マクロファージがリンパ管新生に重要であるとされているが、マウスモデルにおいては、浮腫部への集積細胞のほとんどがリンパ球であり、リンパ球を持たないRag2KOマウスではリンパ管閉塞してもリンパ管新生、リンパ管の透過性亢進をほとんど認めず、浮腫も軽度であった。さらに、浮腫部のCD4陽性T細胞がリンパ管新生に重要であることが強く示唆された。これに対して、CD8陽性T細胞はリンパ管新生には必須ではないと考えられる。in vitroリンパ管内皮細胞管腔形成アッセイの結果は、CD4陽性T細胞はマクロファージと協調して、リンパ管新生を促すことが考えられた。

本研究により、リンパ浮腫における炎症プロセスと、リンパ管の過剰新生と成熟異常の重要性が明らかとなった。今後、リンパ管閉塞後の免疫細胞の集積シグナル、集積CD4陽性T細胞のプロファイリングと更なる機能解析、免疫細胞の相互作用についての検討を進めることにより、さらに、リンパ浮腫における炎症機序の意義と制御機構が明らかにできると考える。また、この分子機序の解明は、未だ有効な治療法のないリンパ浮腫に対する新たな治療戦略の開発に発展するだろう。私は、炎症と血管新生への作用が知られている薬剤について、リンパ浮腫への作用を解析し、既に2 種の薬剤がリンパ管浮腫抑制作用を持つことを見いだしている(特許申請中)。今後臨床で使用するためには、作用機序のさらなる解明が必須であるが、リンパ浮腫形成過程の炎症機序を標的とすることによって、リンパ浮腫の発症を抑制することが可能になるかもしれない。

審査要旨 要旨を表示する

本研究は、現在のところ明確な診断基準、有効な治療がない深刻な疾患であるリンパ浮腫の発症メカニズムを明らかにするために、ヒトリンパ浮腫リンパ管検体と独自に開発したマウスのリンパ浮腫モデルを用いて、リンパ浮腫の病態変化の詳細な解析を行ったものである。そして、以下の結果を得た。

1. 慢性リンパ浮腫リンパ管は正常リンパ管に比べて明らかな壁肥厚を認めた。増殖している細胞の多くは形質変換を起こし脱分化した平滑筋細胞と考えられた。平滑筋細胞の形質変換は動脈硬化などに代表される慢性炎症機序によって誘導され、ヒトリンパ浮腫においても、炎症機序の寄与が示唆された。

2. マウスリンパ浮腫モデルを作成では透過性の亢進した新生リンパ管とリンパ球と単球・マクロファージを主体とした免疫細胞の集積を認めた。炎症プロセスが、未熟なリンパ管新生をもたらしている可能性が高いことが示唆された。

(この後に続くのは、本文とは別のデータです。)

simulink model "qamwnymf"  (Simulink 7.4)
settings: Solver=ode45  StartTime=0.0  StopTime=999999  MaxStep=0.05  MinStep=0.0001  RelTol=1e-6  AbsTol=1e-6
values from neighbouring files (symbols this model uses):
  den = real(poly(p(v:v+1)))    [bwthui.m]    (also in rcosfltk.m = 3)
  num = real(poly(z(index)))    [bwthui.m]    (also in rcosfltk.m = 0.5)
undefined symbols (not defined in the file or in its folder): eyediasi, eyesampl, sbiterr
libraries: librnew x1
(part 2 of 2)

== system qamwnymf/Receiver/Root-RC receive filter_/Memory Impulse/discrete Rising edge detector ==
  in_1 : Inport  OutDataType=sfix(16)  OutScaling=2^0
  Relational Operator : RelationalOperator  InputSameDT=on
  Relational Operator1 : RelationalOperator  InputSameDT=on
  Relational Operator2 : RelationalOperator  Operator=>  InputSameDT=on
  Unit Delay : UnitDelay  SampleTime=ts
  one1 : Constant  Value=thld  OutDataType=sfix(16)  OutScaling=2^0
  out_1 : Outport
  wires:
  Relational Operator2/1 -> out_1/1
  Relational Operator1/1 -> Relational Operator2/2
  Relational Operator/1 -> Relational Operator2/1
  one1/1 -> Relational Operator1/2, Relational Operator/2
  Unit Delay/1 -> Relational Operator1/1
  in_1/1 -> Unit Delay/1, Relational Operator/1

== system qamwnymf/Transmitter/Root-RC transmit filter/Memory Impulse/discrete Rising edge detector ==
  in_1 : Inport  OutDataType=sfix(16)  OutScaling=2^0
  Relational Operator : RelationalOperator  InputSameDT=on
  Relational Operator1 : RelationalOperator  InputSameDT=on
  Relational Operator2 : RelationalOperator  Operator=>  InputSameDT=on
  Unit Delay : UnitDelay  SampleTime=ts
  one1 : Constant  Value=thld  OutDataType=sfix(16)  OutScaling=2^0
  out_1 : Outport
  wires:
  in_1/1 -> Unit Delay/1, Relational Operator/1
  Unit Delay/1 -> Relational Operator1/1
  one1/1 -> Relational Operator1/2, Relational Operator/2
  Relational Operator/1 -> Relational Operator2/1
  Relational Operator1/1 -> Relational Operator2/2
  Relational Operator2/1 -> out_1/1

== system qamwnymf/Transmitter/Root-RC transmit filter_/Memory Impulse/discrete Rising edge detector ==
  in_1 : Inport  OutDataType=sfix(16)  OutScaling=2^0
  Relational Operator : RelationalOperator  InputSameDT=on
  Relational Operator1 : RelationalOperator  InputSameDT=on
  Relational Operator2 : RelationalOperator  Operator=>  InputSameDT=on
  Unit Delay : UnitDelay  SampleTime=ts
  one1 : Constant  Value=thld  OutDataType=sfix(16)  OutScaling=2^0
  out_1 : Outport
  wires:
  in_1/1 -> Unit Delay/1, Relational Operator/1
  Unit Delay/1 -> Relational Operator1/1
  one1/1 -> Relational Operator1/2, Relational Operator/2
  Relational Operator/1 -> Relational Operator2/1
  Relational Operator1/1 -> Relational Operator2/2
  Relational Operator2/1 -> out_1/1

3. 可溶性VEGFR-3抗体及び可溶性VEGFR-3発現アデノウィルスを用いたリンパ管新生抑制のリンパ管新生への介入状態では過剰なリンパ管新生、リンパ液の漏出は抑えられ、浮腫自体も著明に減少した。このことから過剰なリンパ管新生とリンパ管の成熟障害がリンパ浮腫の病態基盤である可能性が示唆された。

4. リンパ浮腫部に多数のリンパ球が集積することから、リンパ球の機能的寄与について検討した。リンパ球を持たないRag2ノックアウト(Rag2KO)マウスでは明らかに未熟な新生リンパ管が少なく、浮腫も軽度であり、リンパ球はリンパ管新生と浮腫に重要であることが示唆された。

5. In vitroのリンパ管新生アッセイでは浮腫部の集積CD4陽性T細胞のみではリンパ管の管腔形成の促進はみられなかったが、CD11b陽性マクロファージと共培養することにより、明らか管腔形成促進を認めた。浮腫部のCD4陽性T細胞がリンパ管新生に重要であることが強く示唆された。

以上、本論文は、慢性リンパ浮腫のリンパ管検体を用いて慢性期のリンパ浮腫の病態、およびマウスリンパ浮腫モデルを用いて、リンパ浮腫の発症メカニズムを明らかにした。この分子解明は、未だ有効な治療法のないリンパ浮腫に対する新たな治療戦略の開発に重要な貢献を成す。よって、学位の授与に値するものであると考えられる。